Assignment: Take each line from the material below that includes the string "transform" and copy it.

####################

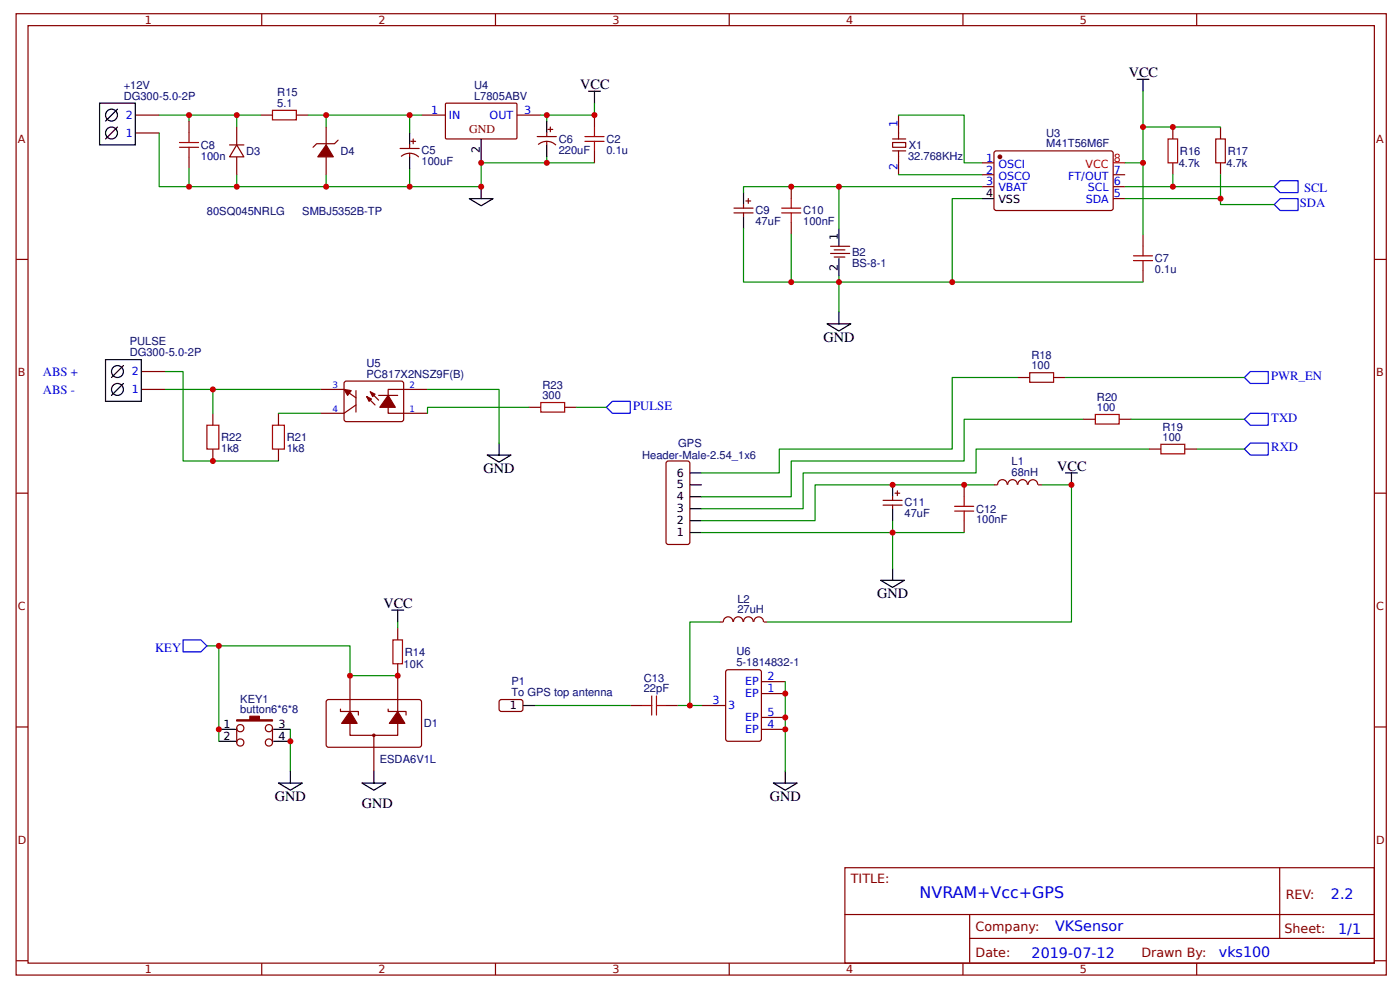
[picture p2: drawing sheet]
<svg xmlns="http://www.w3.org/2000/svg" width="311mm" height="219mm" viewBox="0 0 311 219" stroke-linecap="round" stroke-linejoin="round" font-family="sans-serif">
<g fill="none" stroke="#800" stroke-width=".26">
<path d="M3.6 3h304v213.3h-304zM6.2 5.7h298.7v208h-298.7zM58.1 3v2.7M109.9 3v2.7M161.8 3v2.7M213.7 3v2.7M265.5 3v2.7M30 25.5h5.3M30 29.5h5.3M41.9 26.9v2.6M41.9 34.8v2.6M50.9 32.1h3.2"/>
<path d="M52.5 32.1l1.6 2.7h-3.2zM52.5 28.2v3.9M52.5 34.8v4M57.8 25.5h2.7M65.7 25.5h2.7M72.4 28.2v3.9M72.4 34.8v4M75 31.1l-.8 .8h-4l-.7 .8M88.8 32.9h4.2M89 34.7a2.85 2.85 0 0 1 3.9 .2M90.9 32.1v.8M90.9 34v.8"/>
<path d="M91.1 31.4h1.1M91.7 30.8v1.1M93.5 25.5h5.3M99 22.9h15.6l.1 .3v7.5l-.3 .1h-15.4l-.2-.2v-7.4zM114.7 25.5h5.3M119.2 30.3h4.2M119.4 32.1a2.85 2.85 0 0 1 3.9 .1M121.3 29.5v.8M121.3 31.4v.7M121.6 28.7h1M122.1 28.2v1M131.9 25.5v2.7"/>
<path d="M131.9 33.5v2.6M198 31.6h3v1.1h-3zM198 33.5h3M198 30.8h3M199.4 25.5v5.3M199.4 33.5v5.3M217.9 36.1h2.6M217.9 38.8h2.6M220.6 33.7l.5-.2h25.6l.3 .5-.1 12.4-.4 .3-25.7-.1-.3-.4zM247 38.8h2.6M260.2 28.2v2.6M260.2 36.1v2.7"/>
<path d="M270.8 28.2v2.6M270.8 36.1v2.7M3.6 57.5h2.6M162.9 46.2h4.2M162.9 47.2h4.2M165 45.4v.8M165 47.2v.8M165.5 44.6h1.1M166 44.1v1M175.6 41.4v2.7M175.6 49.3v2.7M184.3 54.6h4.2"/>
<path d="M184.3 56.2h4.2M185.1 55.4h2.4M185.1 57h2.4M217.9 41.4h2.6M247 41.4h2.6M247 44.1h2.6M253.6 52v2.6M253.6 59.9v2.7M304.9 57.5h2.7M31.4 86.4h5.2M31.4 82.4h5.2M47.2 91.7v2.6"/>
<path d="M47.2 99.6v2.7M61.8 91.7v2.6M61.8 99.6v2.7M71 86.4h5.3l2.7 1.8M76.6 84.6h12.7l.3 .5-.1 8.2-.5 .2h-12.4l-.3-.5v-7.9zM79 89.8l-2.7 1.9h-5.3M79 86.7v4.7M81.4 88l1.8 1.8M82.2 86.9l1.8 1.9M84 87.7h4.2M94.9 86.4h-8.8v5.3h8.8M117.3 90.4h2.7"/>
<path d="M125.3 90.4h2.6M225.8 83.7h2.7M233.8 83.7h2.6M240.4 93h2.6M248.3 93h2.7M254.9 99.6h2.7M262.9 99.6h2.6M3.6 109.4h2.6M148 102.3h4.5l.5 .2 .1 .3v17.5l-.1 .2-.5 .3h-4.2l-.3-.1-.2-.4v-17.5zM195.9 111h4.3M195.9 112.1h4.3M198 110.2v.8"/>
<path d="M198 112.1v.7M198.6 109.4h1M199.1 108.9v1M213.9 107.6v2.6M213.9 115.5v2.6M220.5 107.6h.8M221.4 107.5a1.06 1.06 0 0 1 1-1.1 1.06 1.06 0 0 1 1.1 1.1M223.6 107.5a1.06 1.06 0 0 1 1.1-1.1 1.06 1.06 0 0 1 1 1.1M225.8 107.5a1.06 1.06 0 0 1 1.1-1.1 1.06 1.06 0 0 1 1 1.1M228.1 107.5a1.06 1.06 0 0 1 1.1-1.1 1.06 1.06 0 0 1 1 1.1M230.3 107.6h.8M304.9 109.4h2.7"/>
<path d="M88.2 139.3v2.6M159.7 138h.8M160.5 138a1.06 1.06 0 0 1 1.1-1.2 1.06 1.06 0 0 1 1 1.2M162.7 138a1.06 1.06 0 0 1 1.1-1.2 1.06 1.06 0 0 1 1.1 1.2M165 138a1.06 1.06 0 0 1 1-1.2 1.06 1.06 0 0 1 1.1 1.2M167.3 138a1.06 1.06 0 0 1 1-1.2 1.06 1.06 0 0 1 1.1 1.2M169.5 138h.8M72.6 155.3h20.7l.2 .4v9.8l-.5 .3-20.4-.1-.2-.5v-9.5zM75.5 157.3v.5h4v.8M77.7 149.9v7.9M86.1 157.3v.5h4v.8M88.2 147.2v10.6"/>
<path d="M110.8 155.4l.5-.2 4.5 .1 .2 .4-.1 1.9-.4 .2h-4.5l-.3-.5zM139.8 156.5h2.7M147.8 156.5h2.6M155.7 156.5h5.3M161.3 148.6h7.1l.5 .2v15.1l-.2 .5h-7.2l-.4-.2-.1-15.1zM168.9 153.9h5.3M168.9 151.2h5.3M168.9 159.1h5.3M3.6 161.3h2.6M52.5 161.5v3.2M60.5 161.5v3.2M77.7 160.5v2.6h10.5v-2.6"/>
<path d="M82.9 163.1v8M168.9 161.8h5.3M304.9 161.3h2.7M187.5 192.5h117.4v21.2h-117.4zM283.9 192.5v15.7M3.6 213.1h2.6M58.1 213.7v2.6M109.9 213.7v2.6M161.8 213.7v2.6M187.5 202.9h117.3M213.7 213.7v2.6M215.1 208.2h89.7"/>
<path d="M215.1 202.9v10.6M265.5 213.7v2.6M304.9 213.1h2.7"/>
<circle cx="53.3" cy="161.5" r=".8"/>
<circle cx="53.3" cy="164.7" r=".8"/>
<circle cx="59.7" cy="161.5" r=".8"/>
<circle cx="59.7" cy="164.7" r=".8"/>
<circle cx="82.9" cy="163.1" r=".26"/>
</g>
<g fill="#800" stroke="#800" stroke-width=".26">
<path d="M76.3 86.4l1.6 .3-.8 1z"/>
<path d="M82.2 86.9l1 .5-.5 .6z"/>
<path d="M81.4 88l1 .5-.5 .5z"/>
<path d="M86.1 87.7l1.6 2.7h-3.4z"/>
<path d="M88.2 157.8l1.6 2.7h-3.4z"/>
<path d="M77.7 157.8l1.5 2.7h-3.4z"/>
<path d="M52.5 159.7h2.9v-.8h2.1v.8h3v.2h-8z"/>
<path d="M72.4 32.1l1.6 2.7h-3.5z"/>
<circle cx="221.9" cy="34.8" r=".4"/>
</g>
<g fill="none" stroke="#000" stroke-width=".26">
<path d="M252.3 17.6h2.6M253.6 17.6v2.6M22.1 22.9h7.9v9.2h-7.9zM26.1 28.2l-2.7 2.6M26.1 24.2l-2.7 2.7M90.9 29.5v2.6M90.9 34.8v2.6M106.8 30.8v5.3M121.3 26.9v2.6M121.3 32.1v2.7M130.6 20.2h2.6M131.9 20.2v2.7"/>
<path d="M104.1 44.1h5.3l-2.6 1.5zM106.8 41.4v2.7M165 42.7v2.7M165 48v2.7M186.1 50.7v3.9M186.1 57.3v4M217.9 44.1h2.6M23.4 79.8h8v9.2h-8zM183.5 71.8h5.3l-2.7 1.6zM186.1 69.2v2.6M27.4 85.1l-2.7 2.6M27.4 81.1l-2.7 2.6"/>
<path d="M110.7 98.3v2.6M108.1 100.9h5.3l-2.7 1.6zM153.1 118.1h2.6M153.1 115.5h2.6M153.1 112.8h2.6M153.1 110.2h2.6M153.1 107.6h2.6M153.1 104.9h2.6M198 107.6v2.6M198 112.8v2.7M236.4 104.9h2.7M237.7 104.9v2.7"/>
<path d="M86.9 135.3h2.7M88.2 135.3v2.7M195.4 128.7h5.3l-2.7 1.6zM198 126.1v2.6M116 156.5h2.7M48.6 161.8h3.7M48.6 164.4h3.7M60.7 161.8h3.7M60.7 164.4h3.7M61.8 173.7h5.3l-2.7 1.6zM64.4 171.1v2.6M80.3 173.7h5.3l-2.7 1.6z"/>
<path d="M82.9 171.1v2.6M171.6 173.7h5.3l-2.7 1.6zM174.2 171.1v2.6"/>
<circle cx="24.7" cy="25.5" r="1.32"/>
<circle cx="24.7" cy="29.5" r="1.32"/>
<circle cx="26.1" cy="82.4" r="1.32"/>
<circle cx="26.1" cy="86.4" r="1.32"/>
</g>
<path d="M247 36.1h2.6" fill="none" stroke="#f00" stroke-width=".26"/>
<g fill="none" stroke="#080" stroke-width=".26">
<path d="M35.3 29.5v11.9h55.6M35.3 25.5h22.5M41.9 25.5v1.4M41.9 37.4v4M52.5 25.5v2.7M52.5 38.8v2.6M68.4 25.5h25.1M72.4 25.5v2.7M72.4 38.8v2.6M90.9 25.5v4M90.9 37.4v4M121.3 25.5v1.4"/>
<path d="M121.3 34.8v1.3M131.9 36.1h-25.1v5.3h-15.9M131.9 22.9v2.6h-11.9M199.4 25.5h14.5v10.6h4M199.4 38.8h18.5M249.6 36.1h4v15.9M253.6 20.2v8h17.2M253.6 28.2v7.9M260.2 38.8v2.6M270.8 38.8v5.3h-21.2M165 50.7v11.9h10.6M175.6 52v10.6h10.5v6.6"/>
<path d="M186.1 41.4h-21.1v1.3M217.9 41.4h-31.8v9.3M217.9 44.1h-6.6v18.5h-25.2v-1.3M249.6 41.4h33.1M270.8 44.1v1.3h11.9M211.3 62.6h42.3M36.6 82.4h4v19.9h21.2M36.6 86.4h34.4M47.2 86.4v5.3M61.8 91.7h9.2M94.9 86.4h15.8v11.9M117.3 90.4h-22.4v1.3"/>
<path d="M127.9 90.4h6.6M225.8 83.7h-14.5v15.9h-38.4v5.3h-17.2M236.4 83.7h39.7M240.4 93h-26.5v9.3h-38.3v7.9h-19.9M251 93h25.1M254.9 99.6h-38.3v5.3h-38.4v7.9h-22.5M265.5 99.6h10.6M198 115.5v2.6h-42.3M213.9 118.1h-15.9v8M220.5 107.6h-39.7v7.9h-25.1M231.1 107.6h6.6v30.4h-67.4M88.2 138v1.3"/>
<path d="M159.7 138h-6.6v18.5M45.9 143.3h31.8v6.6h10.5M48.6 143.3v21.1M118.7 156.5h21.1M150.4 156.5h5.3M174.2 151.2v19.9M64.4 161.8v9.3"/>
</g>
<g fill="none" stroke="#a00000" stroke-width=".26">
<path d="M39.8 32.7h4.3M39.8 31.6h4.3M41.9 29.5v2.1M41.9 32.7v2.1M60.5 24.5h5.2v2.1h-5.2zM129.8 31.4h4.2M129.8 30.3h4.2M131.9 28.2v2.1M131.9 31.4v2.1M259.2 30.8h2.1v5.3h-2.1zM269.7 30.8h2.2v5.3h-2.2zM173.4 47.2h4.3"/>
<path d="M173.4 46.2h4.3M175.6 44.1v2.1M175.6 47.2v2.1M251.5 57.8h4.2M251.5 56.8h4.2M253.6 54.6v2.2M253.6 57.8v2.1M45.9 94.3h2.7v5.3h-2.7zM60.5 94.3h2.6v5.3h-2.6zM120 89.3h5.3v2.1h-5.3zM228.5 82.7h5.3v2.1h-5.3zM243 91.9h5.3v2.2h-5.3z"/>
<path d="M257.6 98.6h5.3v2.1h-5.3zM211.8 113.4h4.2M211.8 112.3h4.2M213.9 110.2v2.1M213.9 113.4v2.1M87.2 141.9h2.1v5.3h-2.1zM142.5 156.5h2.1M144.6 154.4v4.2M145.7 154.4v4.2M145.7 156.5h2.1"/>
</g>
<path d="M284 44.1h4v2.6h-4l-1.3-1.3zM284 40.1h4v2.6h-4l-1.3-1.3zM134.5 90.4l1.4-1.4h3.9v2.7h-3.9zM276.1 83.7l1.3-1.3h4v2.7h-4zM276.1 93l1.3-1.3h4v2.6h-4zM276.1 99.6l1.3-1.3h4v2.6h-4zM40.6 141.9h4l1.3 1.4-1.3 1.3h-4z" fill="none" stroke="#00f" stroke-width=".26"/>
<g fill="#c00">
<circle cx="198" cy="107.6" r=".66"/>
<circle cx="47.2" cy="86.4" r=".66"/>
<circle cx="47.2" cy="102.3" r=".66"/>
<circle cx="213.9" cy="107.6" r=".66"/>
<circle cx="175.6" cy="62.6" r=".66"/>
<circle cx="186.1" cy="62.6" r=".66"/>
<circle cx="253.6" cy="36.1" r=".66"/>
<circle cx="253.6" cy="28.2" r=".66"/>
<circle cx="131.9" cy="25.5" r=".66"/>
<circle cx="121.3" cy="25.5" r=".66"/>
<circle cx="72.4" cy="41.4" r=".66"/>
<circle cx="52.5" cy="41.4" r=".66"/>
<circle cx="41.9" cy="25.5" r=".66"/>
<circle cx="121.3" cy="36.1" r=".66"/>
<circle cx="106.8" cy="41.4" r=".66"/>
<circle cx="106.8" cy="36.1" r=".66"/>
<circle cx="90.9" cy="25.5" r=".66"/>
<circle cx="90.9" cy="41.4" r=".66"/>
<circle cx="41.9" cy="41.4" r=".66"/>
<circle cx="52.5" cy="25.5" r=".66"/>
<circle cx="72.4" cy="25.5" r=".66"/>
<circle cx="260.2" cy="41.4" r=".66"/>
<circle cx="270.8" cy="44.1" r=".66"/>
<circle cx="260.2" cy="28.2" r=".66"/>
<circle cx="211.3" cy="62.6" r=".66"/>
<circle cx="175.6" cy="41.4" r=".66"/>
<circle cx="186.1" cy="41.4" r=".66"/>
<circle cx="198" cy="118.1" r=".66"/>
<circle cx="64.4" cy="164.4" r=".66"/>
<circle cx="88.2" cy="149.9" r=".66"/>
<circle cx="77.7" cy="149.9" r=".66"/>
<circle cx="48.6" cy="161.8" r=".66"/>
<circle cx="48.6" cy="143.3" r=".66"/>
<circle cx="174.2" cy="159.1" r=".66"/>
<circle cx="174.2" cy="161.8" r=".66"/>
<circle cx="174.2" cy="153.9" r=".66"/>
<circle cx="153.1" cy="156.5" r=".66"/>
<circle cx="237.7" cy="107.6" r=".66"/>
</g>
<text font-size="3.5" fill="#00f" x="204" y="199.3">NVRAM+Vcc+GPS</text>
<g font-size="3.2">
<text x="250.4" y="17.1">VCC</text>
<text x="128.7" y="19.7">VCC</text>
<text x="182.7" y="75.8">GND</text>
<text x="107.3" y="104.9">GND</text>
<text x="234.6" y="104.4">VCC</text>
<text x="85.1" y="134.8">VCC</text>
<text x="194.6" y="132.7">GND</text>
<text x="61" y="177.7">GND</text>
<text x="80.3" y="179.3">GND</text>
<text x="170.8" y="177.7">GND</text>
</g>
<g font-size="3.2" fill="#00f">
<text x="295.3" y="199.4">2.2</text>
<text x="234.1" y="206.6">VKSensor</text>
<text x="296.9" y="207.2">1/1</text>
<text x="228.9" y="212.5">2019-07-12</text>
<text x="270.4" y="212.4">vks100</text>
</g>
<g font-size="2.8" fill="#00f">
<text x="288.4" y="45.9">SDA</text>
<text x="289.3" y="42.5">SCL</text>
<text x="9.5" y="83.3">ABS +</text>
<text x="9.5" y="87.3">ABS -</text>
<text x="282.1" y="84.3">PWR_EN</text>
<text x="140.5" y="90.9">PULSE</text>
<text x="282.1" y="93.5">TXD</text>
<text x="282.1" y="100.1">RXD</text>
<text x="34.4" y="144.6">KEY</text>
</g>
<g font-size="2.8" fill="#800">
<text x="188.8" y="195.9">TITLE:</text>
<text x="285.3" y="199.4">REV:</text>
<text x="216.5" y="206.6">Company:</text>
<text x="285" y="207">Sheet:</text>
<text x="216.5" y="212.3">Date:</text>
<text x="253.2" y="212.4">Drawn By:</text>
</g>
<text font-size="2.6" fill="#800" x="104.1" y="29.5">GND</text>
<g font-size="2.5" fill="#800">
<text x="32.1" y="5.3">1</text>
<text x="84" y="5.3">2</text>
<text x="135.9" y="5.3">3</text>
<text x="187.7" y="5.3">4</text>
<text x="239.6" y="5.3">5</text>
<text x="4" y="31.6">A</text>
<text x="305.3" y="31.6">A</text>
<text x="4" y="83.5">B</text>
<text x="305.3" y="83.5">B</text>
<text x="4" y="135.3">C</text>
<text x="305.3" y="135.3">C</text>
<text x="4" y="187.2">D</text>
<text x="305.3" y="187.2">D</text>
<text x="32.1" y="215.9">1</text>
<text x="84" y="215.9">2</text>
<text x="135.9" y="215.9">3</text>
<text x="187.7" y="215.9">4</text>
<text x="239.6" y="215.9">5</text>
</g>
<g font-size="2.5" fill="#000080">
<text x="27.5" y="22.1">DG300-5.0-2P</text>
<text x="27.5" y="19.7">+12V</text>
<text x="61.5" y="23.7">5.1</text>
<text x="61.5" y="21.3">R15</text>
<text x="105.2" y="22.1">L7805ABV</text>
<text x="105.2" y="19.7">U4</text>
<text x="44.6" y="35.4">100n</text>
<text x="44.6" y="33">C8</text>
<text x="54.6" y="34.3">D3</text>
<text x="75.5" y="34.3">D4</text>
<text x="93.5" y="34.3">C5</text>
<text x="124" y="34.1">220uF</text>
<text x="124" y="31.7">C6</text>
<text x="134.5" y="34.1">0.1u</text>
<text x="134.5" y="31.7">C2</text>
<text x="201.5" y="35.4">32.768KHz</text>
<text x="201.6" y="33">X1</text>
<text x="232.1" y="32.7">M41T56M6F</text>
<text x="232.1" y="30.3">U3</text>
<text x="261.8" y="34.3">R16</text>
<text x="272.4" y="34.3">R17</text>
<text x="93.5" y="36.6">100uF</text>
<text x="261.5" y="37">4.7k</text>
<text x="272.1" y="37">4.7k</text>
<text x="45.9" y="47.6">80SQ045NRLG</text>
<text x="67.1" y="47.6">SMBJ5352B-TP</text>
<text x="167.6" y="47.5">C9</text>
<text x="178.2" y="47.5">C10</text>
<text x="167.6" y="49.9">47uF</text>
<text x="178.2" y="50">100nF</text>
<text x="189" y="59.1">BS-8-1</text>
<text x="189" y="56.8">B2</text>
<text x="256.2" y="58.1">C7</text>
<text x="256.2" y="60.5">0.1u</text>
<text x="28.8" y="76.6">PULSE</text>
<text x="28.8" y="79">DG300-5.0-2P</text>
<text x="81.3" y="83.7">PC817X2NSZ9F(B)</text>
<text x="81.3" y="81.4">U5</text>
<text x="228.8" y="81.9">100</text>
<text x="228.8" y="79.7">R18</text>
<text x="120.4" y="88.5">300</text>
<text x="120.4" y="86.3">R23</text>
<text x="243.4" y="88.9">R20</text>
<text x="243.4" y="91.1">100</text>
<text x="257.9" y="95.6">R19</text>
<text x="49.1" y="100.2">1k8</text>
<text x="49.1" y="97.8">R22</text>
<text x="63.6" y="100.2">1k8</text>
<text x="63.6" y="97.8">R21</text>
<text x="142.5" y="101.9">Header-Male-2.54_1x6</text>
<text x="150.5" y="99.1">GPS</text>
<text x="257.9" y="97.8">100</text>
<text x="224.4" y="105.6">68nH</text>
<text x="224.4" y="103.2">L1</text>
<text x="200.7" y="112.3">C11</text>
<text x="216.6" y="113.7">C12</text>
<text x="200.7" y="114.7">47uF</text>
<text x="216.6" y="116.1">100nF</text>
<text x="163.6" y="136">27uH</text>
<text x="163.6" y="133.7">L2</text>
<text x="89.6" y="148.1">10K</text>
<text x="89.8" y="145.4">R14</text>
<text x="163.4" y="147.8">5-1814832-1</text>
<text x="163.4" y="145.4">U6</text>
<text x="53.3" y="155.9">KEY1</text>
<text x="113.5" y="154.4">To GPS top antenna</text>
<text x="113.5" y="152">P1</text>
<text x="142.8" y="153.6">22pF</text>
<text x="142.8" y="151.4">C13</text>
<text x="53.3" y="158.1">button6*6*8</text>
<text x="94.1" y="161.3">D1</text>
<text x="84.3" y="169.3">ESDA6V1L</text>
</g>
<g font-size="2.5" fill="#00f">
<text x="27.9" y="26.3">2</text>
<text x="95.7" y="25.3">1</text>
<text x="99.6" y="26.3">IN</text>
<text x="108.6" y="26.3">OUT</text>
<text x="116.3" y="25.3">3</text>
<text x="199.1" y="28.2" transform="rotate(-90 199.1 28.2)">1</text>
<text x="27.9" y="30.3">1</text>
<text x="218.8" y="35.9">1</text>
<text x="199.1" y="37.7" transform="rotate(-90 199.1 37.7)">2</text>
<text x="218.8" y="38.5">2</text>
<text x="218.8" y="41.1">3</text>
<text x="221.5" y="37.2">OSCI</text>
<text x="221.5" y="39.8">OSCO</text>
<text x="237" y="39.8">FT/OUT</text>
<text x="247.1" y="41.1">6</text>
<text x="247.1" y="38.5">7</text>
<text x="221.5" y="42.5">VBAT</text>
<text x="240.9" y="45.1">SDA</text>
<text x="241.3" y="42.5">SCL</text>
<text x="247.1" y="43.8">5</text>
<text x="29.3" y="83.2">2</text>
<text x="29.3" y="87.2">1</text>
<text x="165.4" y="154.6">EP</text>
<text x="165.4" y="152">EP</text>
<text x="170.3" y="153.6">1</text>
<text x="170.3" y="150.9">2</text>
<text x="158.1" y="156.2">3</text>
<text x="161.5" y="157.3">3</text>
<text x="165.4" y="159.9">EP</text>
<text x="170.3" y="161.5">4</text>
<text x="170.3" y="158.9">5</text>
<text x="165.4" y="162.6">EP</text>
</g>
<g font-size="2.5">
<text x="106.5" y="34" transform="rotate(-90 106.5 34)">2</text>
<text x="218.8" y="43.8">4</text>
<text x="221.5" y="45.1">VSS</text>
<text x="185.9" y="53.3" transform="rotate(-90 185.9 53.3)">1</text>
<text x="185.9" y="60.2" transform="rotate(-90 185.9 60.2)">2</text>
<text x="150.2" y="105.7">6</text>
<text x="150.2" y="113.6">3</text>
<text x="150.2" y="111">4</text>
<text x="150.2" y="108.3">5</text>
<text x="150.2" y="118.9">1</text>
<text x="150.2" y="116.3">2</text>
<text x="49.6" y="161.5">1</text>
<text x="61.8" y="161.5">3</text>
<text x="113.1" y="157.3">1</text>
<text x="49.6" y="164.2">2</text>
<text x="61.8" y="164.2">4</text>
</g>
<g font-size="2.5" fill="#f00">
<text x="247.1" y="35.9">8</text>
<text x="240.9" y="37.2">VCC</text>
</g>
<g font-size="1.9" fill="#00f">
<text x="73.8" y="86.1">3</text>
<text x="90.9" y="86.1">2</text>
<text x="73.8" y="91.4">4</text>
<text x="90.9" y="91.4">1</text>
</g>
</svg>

####################

Exercise output:
<text x="199.1" y="28.2" transform="rotate(-90 199.1 28.2)">1</text>
<text x="199.1" y="37.7" transform="rotate(-90 199.1 37.7)">2</text>
<text x="106.5" y="34" transform="rotate(-90 106.5 34)">2</text>
<text x="185.9" y="53.3" transform="rotate(-90 185.9 53.3)">1</text>
<text x="185.9" y="60.2" transform="rotate(-90 185.9 60.2)">2</text>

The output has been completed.